Votre ouvrage Le Travail invisible met au jour la transformation de notre économie et l’invisibilisation du travail humain réel. La crise actuelle a conduit les entreprises à mettre en place un télétravail généralisé et à remettre en cause certains principes de leur organisation. Pensez-vous que cela soit positif sur le long terme ou au contraire, le travail à distance risque-t-il plutôt de rendre le travail encore plus abstrait ? 

Il n’y a pas longtemps encore, certains avançaient que l’avenir du travail c’était une espèce d’uberisation de toutes les activités, chacun pouvant travailler de chez lui sur des projets collectifs.
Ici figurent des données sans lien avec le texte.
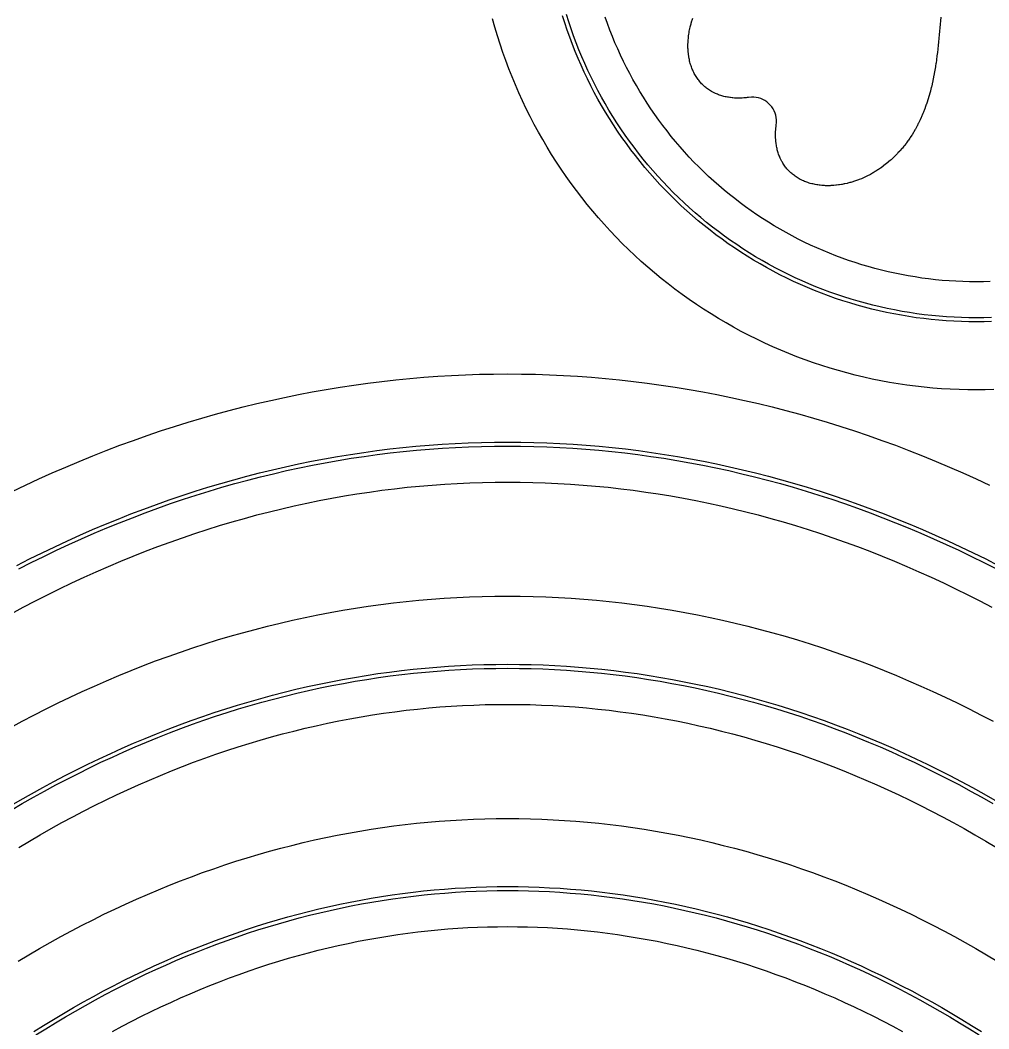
# Model space of a CAD drawing. Header units: metres. Extents: x 10 to 1210, y 10 to 2778.
# Drawn here: x 288.4 to 530.1, y 2258.5 to 2510.3 of the extents above; entities that cross this region are included whole.
import ezdxf

# ---------------------------------------------------------------- set-up
doc = ezdxf.new("R2010")
doc.units = ezdxf.units.M
for name, color, linetype in [('ACIKLIK', 5, 'Continuous'), ('CAM_SABLON', 4, 'Continuous'), ('DIS_KENAR_V91_Z3', 1, 'Continuous'), ('LAMBA_T4_Z4', 3, 'Continuous')]:
    doc.layers.add(name, color=color, linetype=linetype)

msp = doc.modelspace()

# ---------------------------------------------------------------- linework, layer by layer
at = {"layer": 'ACIKLIK'}
for points in [[(530.42, 2445.06), (528.71, 2445.02), (527, 2445), (525.29, 2445.02), (523.58, 2445.06), (521.87, 2445.14), (520.16, 2445.24), (518.46, 2445.37), (516.76, 2445.54), (515.06, 2445.73), (513.36, 2445.95), (511.67, 2446.21), (509.98, 2446.49), (508.3, 2446.8), (506.62, 2447.14), (504.96, 2447.51), (503.29, 2447.91), (501.64, 2448.34), (499.99, 2448.8), (498.35, 2449.28), (496.72, 2449.8), (495.09, 2450.34), (493.48, 2450.91), (491.88, 2451.51), (490.29, 2452.14), (488.71, 2452.79), (487.14, 2453.47), (485.58, 2454.18), (484.04, 2454.92), (482.51, 2455.68), (480.99, 2456.47), (479.49, 2457.29), (478, 2458.13), (476.53, 2459), (475.07, 2459.89), (473.63, 2460.81), (472.2, 2461.76), (470.79, 2462.72), (469.4, 2463.72), (468.02, 2464.73), (466.67, 2465.78), (465.33, 2466.84), (464.01, 2467.93), (462.71, 2469.04), (461.43, 2470.17), (460.16, 2471.33), (458.92, 2472.51), (457.7, 2473.7), (456.51, 2474.92), (455.33, 2476.16), (454.17, 2477.43), (453.04, 2478.71), (451.93, 2480.01), (450.84, 2481.33), (449.78, 2482.67), (448.73, 2484.02), (447.72, 2485.4), (446.72, 2486.79), (445.76, 2488.2), (444.81, 2489.63), (443.89, 2491.07), (443, 2492.53), (442.13, 2494), (441.29, 2495.49), (440.47, 2496.99), (439.68, 2498.51), (438.92, 2500.04), (438.18, 2501.58), (437.47, 2503.14), (436.79, 2504.71), (436.14, 2506.29), (435.51, 2507.88), (434.91, 2509.48), (434.34, 2511.09)], [(286.13, 2362.12), (289.14, 2363.74), (292.16, 2365.32), (295.19, 2366.86), (298.22, 2368.36), (301.26, 2369.82), (304.31, 2371.24), (307.36, 2372.62), (310.41, 2373.95), (313.47, 2375.25), (316.54, 2376.5), (319.61, 2377.72), (322.69, 2378.89), (325.77, 2380.02), (328.85, 2381.11), (331.94, 2382.16), (335.04, 2383.16), (338.13, 2384.13), (341.23, 2385.06), (344.34, 2385.94), (347.44, 2386.78), (350.55, 2387.58), (353.67, 2388.34), (356.78, 2389.06), (359.9, 2389.74), (363.02, 2390.38), (366.14, 2390.97), (369.27, 2391.53), (372.39, 2392.04), (375.52, 2392.51), (378.65, 2392.95), (381.78, 2393.34), (384.91, 2393.69), (388.05, 2393.99), (391.18, 2394.26), (394.32, 2394.49), (397.45, 2394.67), (400.59, 2394.81), (403.73, 2394.92), (406.86, 2394.98), (410, 2395), (413.14, 2394.98), (416.27, 2394.92), (419.41, 2394.81), (422.55, 2394.67), (425.68, 2394.49), (428.82, 2394.26), (431.95, 2393.99), (435.09, 2393.69), (438.22, 2393.34), (441.35, 2392.95), (444.48, 2392.51), (447.61, 2392.04), (450.73, 2391.53), (453.86, 2390.97), (456.98, 2390.38), (460.1, 2389.74), (463.22, 2389.06), (466.33, 2388.34), (469.45, 2387.58), (472.56, 2386.78), (475.66, 2385.94), (478.77, 2385.06), (481.87, 2384.13), (484.96, 2383.16), (488.06, 2382.16), (491.15, 2381.11), (494.23, 2380.02), (497.31, 2378.89), (500.39, 2377.72), (503.46, 2376.5), (506.53, 2375.25), (509.59, 2373.95), (512.64, 2372.62), (515.69, 2371.24), (518.74, 2369.82), (521.78, 2368.36), (524.81, 2366.86), (527.84, 2365.32), (530.86, 2363.74)], [(288.01, 2303.76), (290.7, 2305.37), (293.39, 2306.94), (296.08, 2308.47), (298.78, 2309.96), (301.49, 2311.42), (304.21, 2312.84), (306.93, 2314.23), (309.66, 2315.58), (312.39, 2316.89), (315.12, 2318.16), (317.87, 2319.4), (320.61, 2320.6), (323.36, 2321.77), (326.12, 2322.89), (328.88, 2323.98), (331.64, 2325.04), (334.41, 2326.05), (337.18, 2327.03), (339.95, 2327.97), (342.73, 2328.88), (345.51, 2329.74), (348.29, 2330.57), (351.08, 2331.37), (353.87, 2332.12), (356.66, 2332.84), (359.46, 2333.53), (362.25, 2334.17), (365.05, 2334.78), (367.85, 2335.35), (370.65, 2335.89), (373.46, 2336.38), (376.26, 2336.85), (379.07, 2337.27), (381.88, 2337.66), (384.68, 2338.01), (387.49, 2338.32), (390.31, 2338.6), (393.12, 2338.84), (395.93, 2339.04), (398.74, 2339.2), (401.56, 2339.33), (404.37, 2339.43), (407.19, 2339.48), (410, 2339.5), (412.81, 2339.48), (415.63, 2339.43), (418.44, 2339.33), (421.26, 2339.2), (424.07, 2339.04), (426.88, 2338.84), (429.69, 2338.6), (432.51, 2338.32), (435.32, 2338.01), (438.12, 2337.66), (440.93, 2337.27), (443.74, 2336.85), (446.54, 2336.38), (449.35, 2335.89), (452.15, 2335.35), (454.95, 2334.78), (457.75, 2334.17), (460.54, 2333.53), (463.34, 2332.84), (466.13, 2332.12), (468.92, 2331.37), (471.71, 2330.57), (474.49, 2329.74), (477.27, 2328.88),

L’expérience grandeur nature que nous vivons en situation de confinement, avec pour beaucoup un travail intensif derrière des écrans, nous montre que cela n’est ni simple ni aussi libérateur qu’on le prétendait. Le télétravail n’est qu’une manière de travailler parmi d’autres. Il doit s’articuler avec les collaborations directes, de personne à personne. Les études mettent en évidence qu’au-delà de deux jours par semaine, le télétravail tend à distendre les liens de collaboration et donc à rendre, comme vous le dites, le travail plus abstrait c’est-à-dire moins socialisé par les liens que nous entretenons entre nous, qui nous permettent de nous évaluer et de former une communauté de travail. Donc, l’expérience actuelle massive du travail à distance montre que son extension est possible et souhaitable. Mais aussi qu’il faut l’utiliser avec discernement pour organiser les activités.

 

Plus globalement, qu’est-ce que l’approche que vous défendez, l’écologie humaine, peut apporter pour mieux comprendre la crise que nous traversons, en terme d’analyse mais aussi de solutions ?

Je vous en ai donné un exemple tout à l’heure quand nous avons parlé de l’aide aux PME. Selon l’écologie humaine, tout est lié, l’environnement naturel, culturel, social et économique forme un écosystème dont il faut prendre soin. Il n’y a pas d’un côté l’écologie, de l’autre l’économie : au contraire, les deux se co-définissent et se co-inventent. La manière de bien produire détermine la manière respectueuse d’agir sur l’environnement et vice versa. Tout est lié mais au centre, il y a l’être humain avec ses capacités et ses limites. C’est par les humains et avec les humains que se comprend et se pense l’écologie, c’est-à-dire l’équilibre instable mais pérenne d’une nature, d’une culture et d’une société. Pour ce qui est des solutions qu’on en peut tirer, il n’y en a aucune clé en main, mais nous invitons à les chercher toujours à partir de l’écosystème que nous voulons soutenir parce qu’il paraît bon, juste ou simplement beau.